Chhotray, in her role in communications for Break Free From Plastic, has learned so much about the issue, especially as it relates to the big oil companies in the United States, she is particularly sensitive to its use.

“With all that I know about it, I just can’t be around plastic — all I see is oil,” she said.  “Recycling plastics is just a fallacy. Only 9 percent of our plastic waste gets recycled, and so much is ending up swimming in our oceans or in other countries. Try to find things in glass containers. Glass is amazing and can be recycled over and over again without loss of quality.”

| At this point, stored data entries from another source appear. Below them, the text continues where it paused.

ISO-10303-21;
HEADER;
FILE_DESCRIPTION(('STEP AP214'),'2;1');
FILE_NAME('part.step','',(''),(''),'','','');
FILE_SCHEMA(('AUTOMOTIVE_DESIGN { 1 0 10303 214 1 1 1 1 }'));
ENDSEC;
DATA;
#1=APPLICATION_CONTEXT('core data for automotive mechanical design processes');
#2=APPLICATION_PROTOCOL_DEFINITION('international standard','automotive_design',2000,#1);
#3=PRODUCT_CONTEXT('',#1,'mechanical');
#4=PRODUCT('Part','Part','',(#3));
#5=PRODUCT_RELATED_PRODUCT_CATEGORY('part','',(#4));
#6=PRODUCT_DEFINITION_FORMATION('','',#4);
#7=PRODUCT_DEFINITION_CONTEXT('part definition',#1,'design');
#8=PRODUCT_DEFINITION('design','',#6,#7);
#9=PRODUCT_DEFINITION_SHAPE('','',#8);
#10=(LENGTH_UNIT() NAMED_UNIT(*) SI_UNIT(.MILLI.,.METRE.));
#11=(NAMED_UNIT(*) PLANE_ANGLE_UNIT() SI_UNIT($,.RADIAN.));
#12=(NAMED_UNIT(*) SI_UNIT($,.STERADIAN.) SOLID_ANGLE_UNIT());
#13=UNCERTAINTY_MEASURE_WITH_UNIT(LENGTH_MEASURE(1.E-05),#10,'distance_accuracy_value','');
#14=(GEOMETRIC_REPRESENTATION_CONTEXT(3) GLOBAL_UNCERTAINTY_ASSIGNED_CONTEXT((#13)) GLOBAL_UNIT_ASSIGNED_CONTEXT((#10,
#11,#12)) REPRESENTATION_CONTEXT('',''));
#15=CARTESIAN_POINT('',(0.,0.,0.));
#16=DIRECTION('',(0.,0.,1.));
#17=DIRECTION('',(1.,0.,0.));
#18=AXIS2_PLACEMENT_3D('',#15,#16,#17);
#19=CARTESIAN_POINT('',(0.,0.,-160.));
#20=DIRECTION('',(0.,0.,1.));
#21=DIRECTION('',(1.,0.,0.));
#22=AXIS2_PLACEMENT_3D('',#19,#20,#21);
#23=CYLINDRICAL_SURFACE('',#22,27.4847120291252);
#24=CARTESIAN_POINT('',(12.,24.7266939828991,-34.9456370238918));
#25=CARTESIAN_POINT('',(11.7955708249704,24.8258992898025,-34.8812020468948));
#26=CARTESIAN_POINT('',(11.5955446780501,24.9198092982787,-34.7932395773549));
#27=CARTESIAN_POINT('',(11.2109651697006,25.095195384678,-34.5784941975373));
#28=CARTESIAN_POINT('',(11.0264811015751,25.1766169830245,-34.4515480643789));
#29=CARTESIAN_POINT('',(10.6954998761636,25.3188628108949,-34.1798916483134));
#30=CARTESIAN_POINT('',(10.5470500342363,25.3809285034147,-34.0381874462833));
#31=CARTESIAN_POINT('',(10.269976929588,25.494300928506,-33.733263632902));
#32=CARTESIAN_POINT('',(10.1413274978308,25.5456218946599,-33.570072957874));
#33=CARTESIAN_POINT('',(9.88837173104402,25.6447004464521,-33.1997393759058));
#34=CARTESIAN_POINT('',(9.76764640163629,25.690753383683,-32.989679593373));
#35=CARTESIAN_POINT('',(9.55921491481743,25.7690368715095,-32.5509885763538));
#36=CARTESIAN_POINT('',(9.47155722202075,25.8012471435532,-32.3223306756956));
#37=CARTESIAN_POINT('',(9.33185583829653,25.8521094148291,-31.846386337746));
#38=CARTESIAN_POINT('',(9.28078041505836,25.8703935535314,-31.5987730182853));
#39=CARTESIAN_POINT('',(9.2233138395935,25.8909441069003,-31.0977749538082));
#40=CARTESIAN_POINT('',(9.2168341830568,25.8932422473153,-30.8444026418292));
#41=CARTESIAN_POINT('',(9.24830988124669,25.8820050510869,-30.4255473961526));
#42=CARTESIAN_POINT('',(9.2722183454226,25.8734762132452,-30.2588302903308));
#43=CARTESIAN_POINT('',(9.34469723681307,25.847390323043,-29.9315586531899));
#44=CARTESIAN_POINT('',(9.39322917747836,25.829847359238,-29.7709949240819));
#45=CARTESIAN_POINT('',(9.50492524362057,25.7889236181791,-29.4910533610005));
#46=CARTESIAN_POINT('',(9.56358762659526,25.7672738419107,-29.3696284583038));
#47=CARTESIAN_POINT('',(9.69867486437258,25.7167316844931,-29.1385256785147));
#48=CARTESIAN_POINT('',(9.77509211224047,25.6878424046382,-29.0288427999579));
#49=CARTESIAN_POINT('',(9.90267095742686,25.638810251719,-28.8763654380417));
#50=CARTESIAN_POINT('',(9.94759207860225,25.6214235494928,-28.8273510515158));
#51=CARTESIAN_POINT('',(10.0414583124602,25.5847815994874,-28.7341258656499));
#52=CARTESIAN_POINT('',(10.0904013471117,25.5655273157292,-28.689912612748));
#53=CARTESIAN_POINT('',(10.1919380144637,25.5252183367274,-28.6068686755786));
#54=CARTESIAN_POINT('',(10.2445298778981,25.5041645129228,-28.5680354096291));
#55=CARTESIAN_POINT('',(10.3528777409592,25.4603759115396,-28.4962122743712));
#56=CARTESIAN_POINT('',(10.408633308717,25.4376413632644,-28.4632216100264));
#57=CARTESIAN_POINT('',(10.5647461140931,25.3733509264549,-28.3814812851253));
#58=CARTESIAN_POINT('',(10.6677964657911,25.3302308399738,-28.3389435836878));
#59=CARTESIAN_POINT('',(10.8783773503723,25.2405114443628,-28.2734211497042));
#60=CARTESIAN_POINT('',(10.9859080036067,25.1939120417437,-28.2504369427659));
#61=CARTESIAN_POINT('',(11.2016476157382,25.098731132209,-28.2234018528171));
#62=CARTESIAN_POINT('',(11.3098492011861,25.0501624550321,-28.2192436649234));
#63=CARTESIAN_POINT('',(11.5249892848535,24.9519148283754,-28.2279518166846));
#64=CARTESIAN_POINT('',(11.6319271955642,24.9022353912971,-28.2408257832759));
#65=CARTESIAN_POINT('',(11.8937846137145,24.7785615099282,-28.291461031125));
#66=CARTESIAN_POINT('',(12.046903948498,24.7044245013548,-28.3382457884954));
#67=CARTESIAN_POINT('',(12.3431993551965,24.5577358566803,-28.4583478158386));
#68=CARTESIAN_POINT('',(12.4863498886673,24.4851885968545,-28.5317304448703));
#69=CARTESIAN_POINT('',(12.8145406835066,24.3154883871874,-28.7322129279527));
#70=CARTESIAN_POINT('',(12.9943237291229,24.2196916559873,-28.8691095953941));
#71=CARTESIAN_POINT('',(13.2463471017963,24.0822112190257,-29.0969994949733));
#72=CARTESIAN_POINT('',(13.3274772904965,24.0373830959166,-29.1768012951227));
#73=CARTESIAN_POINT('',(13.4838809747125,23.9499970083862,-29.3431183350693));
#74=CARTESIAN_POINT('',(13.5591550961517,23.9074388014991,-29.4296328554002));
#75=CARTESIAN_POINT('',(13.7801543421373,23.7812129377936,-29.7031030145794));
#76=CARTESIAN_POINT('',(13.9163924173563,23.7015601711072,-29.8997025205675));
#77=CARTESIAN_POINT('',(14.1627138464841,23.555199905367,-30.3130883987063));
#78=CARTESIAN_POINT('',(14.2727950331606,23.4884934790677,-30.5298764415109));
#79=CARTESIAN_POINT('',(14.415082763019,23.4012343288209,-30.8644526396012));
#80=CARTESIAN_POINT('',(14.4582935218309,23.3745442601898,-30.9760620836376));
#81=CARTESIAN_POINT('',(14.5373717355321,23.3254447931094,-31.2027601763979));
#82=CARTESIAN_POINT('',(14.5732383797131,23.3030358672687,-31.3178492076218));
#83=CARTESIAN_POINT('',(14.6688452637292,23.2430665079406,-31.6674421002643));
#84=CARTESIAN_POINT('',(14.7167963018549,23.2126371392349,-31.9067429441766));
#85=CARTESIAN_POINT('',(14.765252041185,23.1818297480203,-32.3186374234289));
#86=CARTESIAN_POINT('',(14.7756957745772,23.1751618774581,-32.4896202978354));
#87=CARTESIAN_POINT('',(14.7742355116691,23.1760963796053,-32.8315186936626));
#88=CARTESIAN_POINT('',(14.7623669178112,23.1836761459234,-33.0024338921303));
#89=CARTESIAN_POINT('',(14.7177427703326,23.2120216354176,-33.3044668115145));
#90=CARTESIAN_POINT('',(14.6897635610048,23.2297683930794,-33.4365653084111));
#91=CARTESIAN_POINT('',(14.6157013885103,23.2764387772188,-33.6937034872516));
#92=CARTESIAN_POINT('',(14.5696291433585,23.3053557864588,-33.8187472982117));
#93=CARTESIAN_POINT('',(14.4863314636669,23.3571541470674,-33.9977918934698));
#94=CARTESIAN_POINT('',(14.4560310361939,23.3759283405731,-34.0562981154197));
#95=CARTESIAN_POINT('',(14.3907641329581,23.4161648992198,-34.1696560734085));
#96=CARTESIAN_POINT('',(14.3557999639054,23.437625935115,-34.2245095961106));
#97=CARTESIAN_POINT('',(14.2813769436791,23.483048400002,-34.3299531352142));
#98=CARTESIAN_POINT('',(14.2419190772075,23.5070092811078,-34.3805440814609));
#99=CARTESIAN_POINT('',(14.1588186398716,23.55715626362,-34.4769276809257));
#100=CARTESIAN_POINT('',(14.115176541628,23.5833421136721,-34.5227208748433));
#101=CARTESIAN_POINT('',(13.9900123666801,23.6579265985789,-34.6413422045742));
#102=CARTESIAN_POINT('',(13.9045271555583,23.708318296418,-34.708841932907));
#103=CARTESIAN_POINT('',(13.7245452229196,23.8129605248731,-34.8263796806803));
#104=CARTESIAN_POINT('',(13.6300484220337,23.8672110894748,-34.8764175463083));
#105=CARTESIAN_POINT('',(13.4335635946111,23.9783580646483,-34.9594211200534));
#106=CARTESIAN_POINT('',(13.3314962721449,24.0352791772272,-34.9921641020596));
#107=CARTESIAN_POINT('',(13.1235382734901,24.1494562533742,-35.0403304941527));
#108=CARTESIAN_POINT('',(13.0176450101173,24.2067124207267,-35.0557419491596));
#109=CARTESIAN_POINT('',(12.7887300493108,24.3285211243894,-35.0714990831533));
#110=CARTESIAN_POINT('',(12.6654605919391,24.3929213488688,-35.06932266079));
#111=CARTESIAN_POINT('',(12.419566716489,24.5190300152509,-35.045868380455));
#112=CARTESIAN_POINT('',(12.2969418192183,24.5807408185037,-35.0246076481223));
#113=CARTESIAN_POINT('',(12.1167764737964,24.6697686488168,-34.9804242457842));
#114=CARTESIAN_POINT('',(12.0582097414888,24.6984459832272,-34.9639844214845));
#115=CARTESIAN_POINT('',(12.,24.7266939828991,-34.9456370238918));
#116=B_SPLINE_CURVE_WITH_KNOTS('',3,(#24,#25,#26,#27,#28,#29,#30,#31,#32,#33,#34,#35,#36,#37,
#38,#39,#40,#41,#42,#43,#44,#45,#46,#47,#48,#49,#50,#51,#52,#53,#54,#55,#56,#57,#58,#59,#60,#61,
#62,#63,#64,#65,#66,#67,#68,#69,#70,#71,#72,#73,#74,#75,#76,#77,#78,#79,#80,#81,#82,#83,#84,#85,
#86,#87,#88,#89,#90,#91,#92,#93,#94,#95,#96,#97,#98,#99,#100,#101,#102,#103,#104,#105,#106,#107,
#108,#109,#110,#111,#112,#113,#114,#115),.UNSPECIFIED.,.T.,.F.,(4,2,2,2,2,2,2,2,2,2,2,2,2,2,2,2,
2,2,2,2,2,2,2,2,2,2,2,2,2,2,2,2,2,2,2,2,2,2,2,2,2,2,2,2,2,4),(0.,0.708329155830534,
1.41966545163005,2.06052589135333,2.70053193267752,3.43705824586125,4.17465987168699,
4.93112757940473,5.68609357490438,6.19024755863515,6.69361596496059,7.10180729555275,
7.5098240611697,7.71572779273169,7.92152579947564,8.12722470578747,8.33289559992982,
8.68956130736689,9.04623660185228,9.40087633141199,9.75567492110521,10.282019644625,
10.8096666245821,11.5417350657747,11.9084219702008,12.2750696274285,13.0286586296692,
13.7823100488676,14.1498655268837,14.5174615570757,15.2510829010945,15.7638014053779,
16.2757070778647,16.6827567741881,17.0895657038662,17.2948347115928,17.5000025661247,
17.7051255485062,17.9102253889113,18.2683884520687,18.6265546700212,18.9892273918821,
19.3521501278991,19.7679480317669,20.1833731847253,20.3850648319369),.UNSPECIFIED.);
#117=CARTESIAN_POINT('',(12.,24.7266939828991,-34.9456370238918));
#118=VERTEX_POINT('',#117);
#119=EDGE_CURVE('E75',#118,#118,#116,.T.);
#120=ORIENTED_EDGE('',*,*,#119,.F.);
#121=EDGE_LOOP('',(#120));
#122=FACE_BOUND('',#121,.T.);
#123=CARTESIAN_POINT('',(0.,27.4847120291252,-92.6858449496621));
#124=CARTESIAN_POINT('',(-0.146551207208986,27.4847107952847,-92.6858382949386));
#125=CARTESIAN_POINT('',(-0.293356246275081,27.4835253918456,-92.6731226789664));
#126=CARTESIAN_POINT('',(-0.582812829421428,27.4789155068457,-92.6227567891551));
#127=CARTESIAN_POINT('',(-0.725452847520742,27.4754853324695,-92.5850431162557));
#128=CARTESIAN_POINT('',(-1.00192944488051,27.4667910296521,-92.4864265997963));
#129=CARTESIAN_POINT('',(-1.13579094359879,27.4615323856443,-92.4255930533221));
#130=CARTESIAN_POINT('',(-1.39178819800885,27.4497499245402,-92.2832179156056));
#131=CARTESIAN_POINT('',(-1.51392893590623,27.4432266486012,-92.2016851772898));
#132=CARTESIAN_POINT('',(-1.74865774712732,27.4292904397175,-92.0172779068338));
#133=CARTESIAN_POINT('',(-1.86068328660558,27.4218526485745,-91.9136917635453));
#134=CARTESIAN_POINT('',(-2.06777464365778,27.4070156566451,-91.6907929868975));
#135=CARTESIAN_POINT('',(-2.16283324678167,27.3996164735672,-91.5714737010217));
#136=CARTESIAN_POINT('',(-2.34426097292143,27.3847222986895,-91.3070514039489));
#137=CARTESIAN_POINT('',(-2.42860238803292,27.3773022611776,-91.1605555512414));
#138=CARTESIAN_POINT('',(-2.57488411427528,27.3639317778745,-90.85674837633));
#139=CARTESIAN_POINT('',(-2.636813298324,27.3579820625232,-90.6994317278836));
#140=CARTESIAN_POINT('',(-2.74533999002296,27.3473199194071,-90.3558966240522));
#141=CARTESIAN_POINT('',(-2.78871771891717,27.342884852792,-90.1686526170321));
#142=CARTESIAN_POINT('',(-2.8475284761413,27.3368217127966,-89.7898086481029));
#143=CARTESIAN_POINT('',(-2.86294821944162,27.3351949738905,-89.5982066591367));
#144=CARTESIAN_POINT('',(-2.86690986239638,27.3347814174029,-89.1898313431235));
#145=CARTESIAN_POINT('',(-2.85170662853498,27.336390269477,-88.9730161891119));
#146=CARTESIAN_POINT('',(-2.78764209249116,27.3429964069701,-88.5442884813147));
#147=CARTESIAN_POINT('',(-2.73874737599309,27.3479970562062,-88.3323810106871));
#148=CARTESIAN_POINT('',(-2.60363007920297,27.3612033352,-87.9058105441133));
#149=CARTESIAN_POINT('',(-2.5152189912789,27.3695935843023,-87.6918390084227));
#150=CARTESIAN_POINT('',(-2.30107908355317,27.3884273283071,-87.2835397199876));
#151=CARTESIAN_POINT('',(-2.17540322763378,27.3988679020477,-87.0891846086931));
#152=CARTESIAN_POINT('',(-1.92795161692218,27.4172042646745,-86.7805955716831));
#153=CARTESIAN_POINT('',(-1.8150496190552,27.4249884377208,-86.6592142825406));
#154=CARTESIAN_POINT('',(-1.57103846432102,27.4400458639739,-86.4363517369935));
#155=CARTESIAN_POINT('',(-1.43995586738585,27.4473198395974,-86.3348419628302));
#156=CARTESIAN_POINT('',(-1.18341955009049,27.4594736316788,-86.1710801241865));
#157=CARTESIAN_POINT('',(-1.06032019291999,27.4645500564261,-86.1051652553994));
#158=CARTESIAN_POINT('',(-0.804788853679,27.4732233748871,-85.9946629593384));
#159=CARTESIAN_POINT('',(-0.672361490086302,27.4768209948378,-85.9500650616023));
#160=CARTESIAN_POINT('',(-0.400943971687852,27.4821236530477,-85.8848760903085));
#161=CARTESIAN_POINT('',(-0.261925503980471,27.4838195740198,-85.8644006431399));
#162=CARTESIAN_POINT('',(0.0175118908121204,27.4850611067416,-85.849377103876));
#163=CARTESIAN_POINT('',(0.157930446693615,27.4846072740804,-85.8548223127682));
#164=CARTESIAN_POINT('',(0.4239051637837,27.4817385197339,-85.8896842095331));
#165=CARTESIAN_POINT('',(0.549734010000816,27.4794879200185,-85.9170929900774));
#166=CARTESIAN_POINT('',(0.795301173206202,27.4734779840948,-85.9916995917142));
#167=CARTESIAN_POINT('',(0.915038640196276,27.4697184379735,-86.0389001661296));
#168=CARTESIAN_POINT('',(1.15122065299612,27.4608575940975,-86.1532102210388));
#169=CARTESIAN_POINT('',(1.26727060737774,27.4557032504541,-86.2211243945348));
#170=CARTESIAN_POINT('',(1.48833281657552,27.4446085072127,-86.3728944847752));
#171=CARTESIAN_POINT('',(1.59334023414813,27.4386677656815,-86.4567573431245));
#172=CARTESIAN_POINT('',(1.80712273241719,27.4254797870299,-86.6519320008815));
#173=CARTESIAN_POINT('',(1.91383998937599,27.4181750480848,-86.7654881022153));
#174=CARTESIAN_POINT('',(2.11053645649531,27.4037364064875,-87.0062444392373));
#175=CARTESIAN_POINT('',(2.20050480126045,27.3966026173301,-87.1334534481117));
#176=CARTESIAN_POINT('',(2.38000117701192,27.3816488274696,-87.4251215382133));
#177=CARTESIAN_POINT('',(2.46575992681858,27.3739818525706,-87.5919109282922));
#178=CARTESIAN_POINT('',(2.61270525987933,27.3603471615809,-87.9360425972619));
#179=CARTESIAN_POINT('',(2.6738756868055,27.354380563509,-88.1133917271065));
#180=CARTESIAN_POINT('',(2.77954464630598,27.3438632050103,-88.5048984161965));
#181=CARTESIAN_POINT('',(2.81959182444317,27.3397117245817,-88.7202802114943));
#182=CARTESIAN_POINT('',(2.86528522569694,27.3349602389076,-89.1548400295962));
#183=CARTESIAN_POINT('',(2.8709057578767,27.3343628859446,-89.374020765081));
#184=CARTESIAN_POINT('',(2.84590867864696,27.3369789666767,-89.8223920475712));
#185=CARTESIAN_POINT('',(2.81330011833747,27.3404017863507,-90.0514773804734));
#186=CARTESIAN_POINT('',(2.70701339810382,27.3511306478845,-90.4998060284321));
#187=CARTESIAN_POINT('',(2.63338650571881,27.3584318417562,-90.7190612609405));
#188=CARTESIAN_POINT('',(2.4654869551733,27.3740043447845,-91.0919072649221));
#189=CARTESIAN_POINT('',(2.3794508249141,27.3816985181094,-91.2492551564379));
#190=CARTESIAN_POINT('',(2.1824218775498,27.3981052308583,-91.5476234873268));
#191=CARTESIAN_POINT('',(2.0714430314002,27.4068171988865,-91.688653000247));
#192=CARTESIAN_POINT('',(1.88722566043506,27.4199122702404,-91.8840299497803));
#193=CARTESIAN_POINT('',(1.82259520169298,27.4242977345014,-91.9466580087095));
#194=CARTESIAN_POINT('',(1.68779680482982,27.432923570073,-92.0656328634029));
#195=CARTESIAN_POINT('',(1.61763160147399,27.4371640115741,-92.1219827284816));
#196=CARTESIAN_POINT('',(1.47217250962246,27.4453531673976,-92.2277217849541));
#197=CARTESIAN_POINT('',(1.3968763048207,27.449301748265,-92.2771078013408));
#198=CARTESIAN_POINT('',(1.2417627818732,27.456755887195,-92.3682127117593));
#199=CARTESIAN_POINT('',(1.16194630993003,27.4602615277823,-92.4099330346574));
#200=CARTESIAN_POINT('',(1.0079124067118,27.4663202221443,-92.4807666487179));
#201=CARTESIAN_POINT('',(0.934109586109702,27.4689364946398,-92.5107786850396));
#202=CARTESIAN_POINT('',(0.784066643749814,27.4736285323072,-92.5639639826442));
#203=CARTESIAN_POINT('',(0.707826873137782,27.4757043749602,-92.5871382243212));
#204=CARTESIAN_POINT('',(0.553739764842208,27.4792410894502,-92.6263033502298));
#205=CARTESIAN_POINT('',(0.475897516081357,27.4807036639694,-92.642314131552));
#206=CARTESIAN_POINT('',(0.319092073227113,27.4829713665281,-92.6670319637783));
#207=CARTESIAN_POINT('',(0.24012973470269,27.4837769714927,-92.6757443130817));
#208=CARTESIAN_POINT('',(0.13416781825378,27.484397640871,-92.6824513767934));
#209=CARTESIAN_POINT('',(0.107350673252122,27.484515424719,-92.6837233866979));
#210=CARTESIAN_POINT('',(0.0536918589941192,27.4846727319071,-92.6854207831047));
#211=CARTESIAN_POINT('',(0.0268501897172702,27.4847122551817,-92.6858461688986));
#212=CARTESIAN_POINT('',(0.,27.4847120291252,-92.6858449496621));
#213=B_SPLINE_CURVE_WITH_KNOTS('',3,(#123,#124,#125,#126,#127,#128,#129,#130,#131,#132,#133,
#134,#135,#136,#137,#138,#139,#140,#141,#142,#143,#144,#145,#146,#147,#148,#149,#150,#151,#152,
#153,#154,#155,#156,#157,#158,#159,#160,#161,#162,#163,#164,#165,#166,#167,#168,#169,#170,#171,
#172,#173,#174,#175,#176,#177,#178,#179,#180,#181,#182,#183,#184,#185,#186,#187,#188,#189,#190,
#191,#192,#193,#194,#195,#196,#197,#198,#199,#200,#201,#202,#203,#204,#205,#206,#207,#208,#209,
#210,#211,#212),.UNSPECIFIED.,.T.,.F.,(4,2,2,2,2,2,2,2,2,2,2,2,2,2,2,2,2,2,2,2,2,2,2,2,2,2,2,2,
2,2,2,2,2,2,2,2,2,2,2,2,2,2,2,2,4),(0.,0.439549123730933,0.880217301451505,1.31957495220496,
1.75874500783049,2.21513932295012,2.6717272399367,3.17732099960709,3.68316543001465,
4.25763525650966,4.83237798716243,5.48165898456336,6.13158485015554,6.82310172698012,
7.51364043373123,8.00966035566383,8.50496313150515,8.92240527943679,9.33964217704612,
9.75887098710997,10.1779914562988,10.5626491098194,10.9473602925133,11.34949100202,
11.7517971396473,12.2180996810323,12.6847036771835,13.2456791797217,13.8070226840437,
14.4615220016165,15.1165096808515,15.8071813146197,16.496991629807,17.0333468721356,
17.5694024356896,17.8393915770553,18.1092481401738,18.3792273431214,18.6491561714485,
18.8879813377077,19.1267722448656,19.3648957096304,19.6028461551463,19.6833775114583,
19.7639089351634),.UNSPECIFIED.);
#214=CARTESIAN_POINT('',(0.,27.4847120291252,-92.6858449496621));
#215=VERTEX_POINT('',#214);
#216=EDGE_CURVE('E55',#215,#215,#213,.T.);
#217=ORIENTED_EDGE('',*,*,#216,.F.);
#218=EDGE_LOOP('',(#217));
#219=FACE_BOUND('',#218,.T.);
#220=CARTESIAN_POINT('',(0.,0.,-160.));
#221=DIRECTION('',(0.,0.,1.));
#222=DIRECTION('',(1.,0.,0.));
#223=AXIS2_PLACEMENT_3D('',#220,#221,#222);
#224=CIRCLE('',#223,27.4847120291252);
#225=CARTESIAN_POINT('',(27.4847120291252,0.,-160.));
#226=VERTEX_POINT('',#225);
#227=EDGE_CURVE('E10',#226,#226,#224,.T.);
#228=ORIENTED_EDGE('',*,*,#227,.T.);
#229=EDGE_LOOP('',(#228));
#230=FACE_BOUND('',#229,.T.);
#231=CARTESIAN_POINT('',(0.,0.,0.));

Instead of Saran Wrap, she uses beeswax paper material. For cleansers, she’s found great recipes online with vinegar and lemon juice. She also suggests supporting restaurants and stores that use sustainable takeºout containers.

“Kitchen and household items can be drastically reduced by shopping in bulk, bringing jars and bags from home. But the thing I can’t stand is when you go to a grocery store that offers bulk but they have single-use bags.

“Even at the farmers market there’s a disconnect,” she said. “You still see these thin film bags to put your vegetables in. San Francisco and Berkeley have banned them, but the farmers market in Oakland is right by beautiful Lake Merritt, and you literally see these bags flying through the air and ending up in the water.”

Part of the problem with trying to go plastic-free, however, is that it’s not just less convenient, but often more expensive, which creates issues of inequality, Chhotray said.

“We’re finding that zero-waste has become this trend in coastal elite cities, and what we don’t want it to become is this narrative of anti-poor,” she said. “Not everyone can afford a $15 shampoo bar or even get to a vendor who sells things of that nature. There are all these issues of equity as to how this narrative plays out.”

The general idea is you don’t have to go crazy on plastic-free; just try a little at a time and look at the bigger picture.

“We have to be realistic in the world we’re living in,” Chhotray said. “To be quite honest, no individual action is going to change the world at this point. That said, individual action, reducing waste, supporting brands on zero-waste products and packaging is very important for raising awareness and getting change at the manufacturing and legislative end. It’s beyond bringing your own bag and water bottle.”

For Epifani, going zero-waste and plastic-free has freed her from the burdensome feeling that “We’re doomed,” she said. “Instead, I feel empowered to find solutions. No one forces my hand to reach out for that bag of Doritos that can’t be recycled. I do that. So if I step back, I take my power back over the situation, even in a small way.”